Las chicas se morían degradadas y sin estruendo, anémicas, con el paladar lleno de agujeros y las mandíbulas agigantadas, convertidas en monstruos. Muñecas de película de terror. En 1925, el informe auténtico finalmente salió a la luz. Se había examinado el polvo que flotaba en la fábrica. También el pelo, la cara y el cuello, los brazos y las manos, los uniformes y hasta la ropa interior de las operarias. Todo estaba cargado de radio, cargado de luz. Todo brillaba de muerte. El daño infligido a una muñeca puede ser terrible.

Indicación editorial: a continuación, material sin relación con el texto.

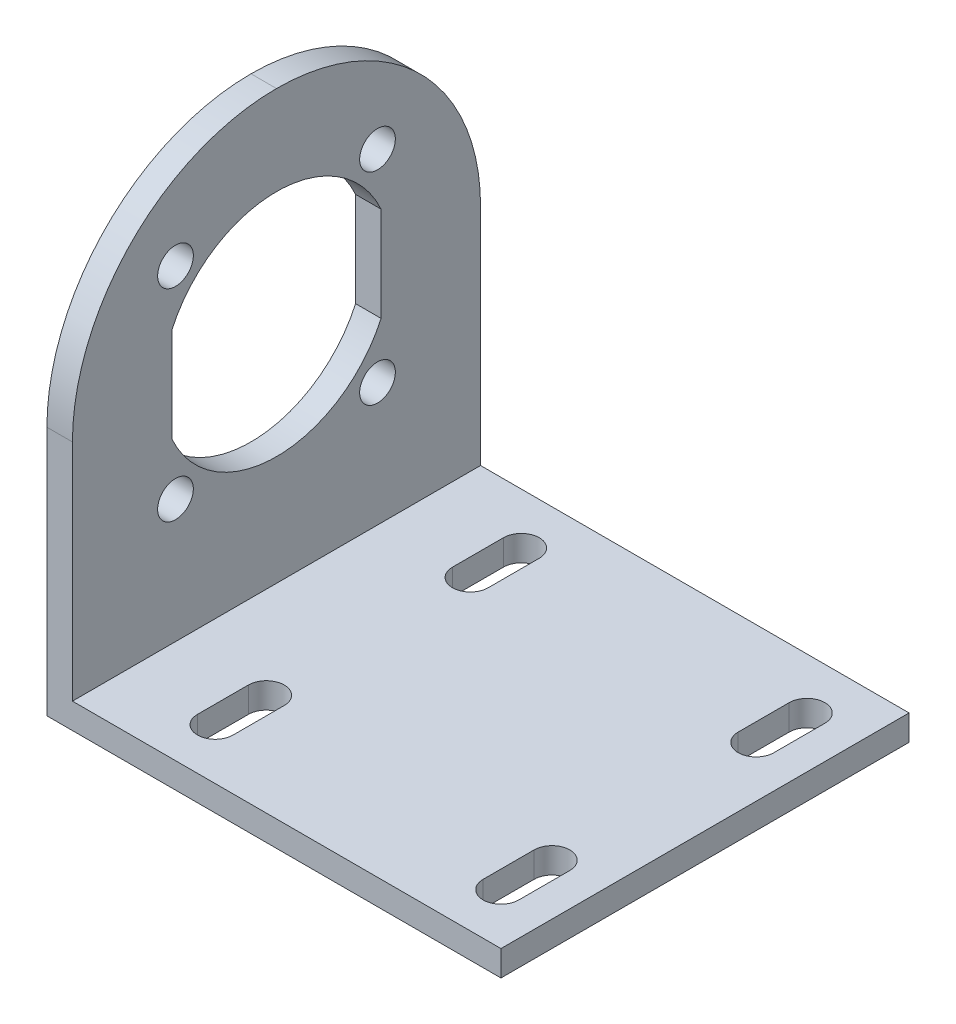
SolidWorks part; units mm, degrees
material "Plain Carbon Steel"
ref_plane "Front Plane"
ref_plane "Top Plane" through (0, 0, 0) normal (0, 1, 0) x (1, 0, 0)
ref_plane "Right Plane" through (0, 0, 0) normal (1, 0, 0) x (0, 0, -1)
sketch "Sketch1" plane through (0, 0, 0) normal (0, 0, 1) x (1, 0, 0)
  line L0 (0, 44.5) -> (0, 0)
  line L1 (0, 0) -> (44.5, 0)
  line L2 (44.5, 0) -> (44.5, 2.5)
  line L3 (44.5, 2.5) -> (2.5, 2.5)
  line L4 (2.5, 2.5) -> (2.5, 44.5)
  line L5 (2.5, 44.5) -> (0, 44.5)
  dimension "D1" = 44.5
  dimension "D2" = 44.5
  dimension "D3" = 2.5
extrude "Boss-Extrude1" add sketch "Sketch1" along normal mid plane 40
fillet "Fillet1" radius 20 2 edges at (1.25, 44.5, -20) (1.25, 44.5, 20)
sketch "Sketch2" plane through (2.5, 0, 0) normal (1, 0, 0) x (0, 0, -1)
  line L0 (10.25, 29.1368) -> (10.25, 19.8632)
  line L1 (-10.25, 29.1368) -> (-10.25, 19.8632)
  line L2 (0, 24.5) -> (9.8995, 14.6005) construction
  line L3 (0, 24.5) -> (4.182, 24.5) construction
  arc A0 (10.25, 29.1368) -> (-10.25, 29.1368) centre (0, 24.5) ccw
  arc A1 (-10.25, 19.8632) -> (10.25, 19.8632) centre (0, 24.5) ccw
  circle A2 centre (0, 24.5) radius 14 construction
  circle A3 centre (9.8995, 14.6005) radius 1.75
  circle A4 centre (-9.8995, 14.6005) radius 1.75
  circle A5 centre (-9.8995, 34.3995) radius 1.75
  circle A6 centre (9.8995, 34.3995) radius 1.75
  point P20 (0, 24.5)
  dimension "D1" = 22.5
  dimension "D4" = 3.5
  dimension "D5" = 28
  dimension "D2" = 10.25
  dimension "D3" = 20.5
  dimension "D6" = 45
  dimension "D8" = 24.5
  dimension "D7" = 4
extrude "Cut-Extrude1" cut sketch "Sketch2" against normal up to next
sketch "Sketch3" plane through (0, 2.5, 0) normal (0, 1, 0) x (1, 0, 0)
  line L0 (11.5, -10) -> (11.5, -15) construction
  line L1 (13.25, -10) -> (13.25, -15)
  line L2 (9.75, -10) -> (9.75, -15)
  line L3 (39.5, -10) -> (39.5, -15) construction
  line L4 (41.25, -10) -> (41.25, -15)
  line L5 (37.75, -10) -> (37.75, -15)
  line L6 (44.5, -20) -> (44.5, 20) construction
  line L8 (11.5, 15) -> (11.5, 10) construction
  line L9 (13.25, 15) -> (13.25, 10)
  line L10 (9.75, 15) -> (9.75, 10)
  line L11 (39.5, 15) -> (39.5, 10) construction
  line L12 (41.25, 15) -> (41.25, 10)
  line L13 (37.75, 15) -> (37.75, 10)
  arc A0 (13.25, -10) -> (9.75, -10) centre (11.5, -10) ccw
  arc A1 (9.75, -15) -> (13.25, -15) centre (11.5, -15) ccw
  arc A2 (41.25, -10) -> (37.75, -10) centre (39.5, -10) ccw
  arc A3 (37.75, -15) -> (41.25, -15) centre (39.5, -15) ccw
  arc A4 (13.25, 15) -> (9.75, 15) centre (11.5, 15) ccw
  arc A5 (9.75, 10) -> (13.25, 10) centre (11.5, 10) ccw
  arc A6 (41.25, 15) -> (37.75, 15) centre (39.5, 15) ccw
  arc A7 (37.75, 10) -> (41.25, 10) centre (39.5, 10) ccw
  point P2 (11.5, -12.5)
  point P9 (39.5, -12.5)
  point P22 (11.5, 12.5)
  point P29 (39.5, 12.5)
  dimension "D2" = 1.75
  dimension "D8" = 1.75
  dimension "D1" = 5
  dimension "D3" = 5
  dimension "D4" = 30
  dimension "D5" = 3.25
  dimension "D6" = 24.5
  dimension "D7" = 5
  dimension "D9" = 5
  dimension "D11" = 12.5
extrude "Cut-Extrude2" cut sketch "Sketch3" against normal up to next
sketch "Sketch5" plane through (2.5, 0, 0) normal (1, 0, 0) x (0, 0, -1)
  line L0 (-10.25, 24.5) -> (-10.25, 2.5) construction
  line L1 (-10.25, 29.1368) -> (-10.25, 19.8632) construction
  line L2 (-20, 2.5) -> (20, 2.5) construction
sketch "Sketch6" plane through (0, 0, 0) normal (-1, 0, 0) x (0, 0, 1)
  line L0 (-10.25, 24.5) -> (-10.25, 0) construction
  line L1 (-10.25, 29.1368) -> (-10.25, 19.8632) construction
  line L2 (20, 0) -> (-20, 0) construction
  line L3 (-10.25, 24.5) -> (10.25, 24.5) construction
  line L4 (10.25, 19.8632) -> (10.25, 29.1368) construction
  line L5 (0, 24.5) -> (0, 0)

Una de las chicas, llamada Grace Fryer, empezó a buscar un abogado, pero tardó dos años hasta que lo encontró. Nadie se animaba a litigar contra US Radium Corp. Pero Grace era una muñeca brava, y otras cuatro la acompañaron en su denuncia. Las crónicas de la época detallan que, cuando finalmente declaró ante un tribunal, en 1927, todavía era hermosa, aunque había perdido toda su dentadura, apenas podía caminar y no logró, aun cuando se esforzara, levantar su brazo para prestar juramento de decir verdad. Pero la dijo. Y otras la siguieron. Y esa verdad corrió como un reguero de pólvora, fue un escándalo nacional que ocupó las portadas de los diarios y llegó a oídos de Marie Curie, quien dijo que ya nada podía hacerse para salvar a “las chicas del radio”. Para salvar, del radio, a las chicas. Esas muñecas entusiastas arrasadas por el veneno y la codicia, que cambiaron para siempre, en Estados Unidos, las leyes laborales. Hay que ver lo que puede una muñeca.
En 1934, Marie Curie murió en un hospital de Passy, extenuada, a causa de una anemia provocada, según se cree, por la exposición a la radiación de los tubos de ensayo que guardaba en los bolsillos de su guardapolvo. Las muñecas muertas de la US Radium Corp. todavía irradian luz. Luz literal como la de los relojes que pintaban, afinando con sus bocas las brochas de los pinceles. Sus cadáveres están cargados de potencia radioactiva. Se estima que sus huesos brillarán al menos durante mil años. Ellas fueron primero luciérnagas industriales y ahora son cadáveres-luciérnaga. Muñecas luminosas cubiertas de polvo. Polvo que flotaba en la fábrica y polvo de la tierra que las cubre. Polvo de sol negro, inestable y bellísimo.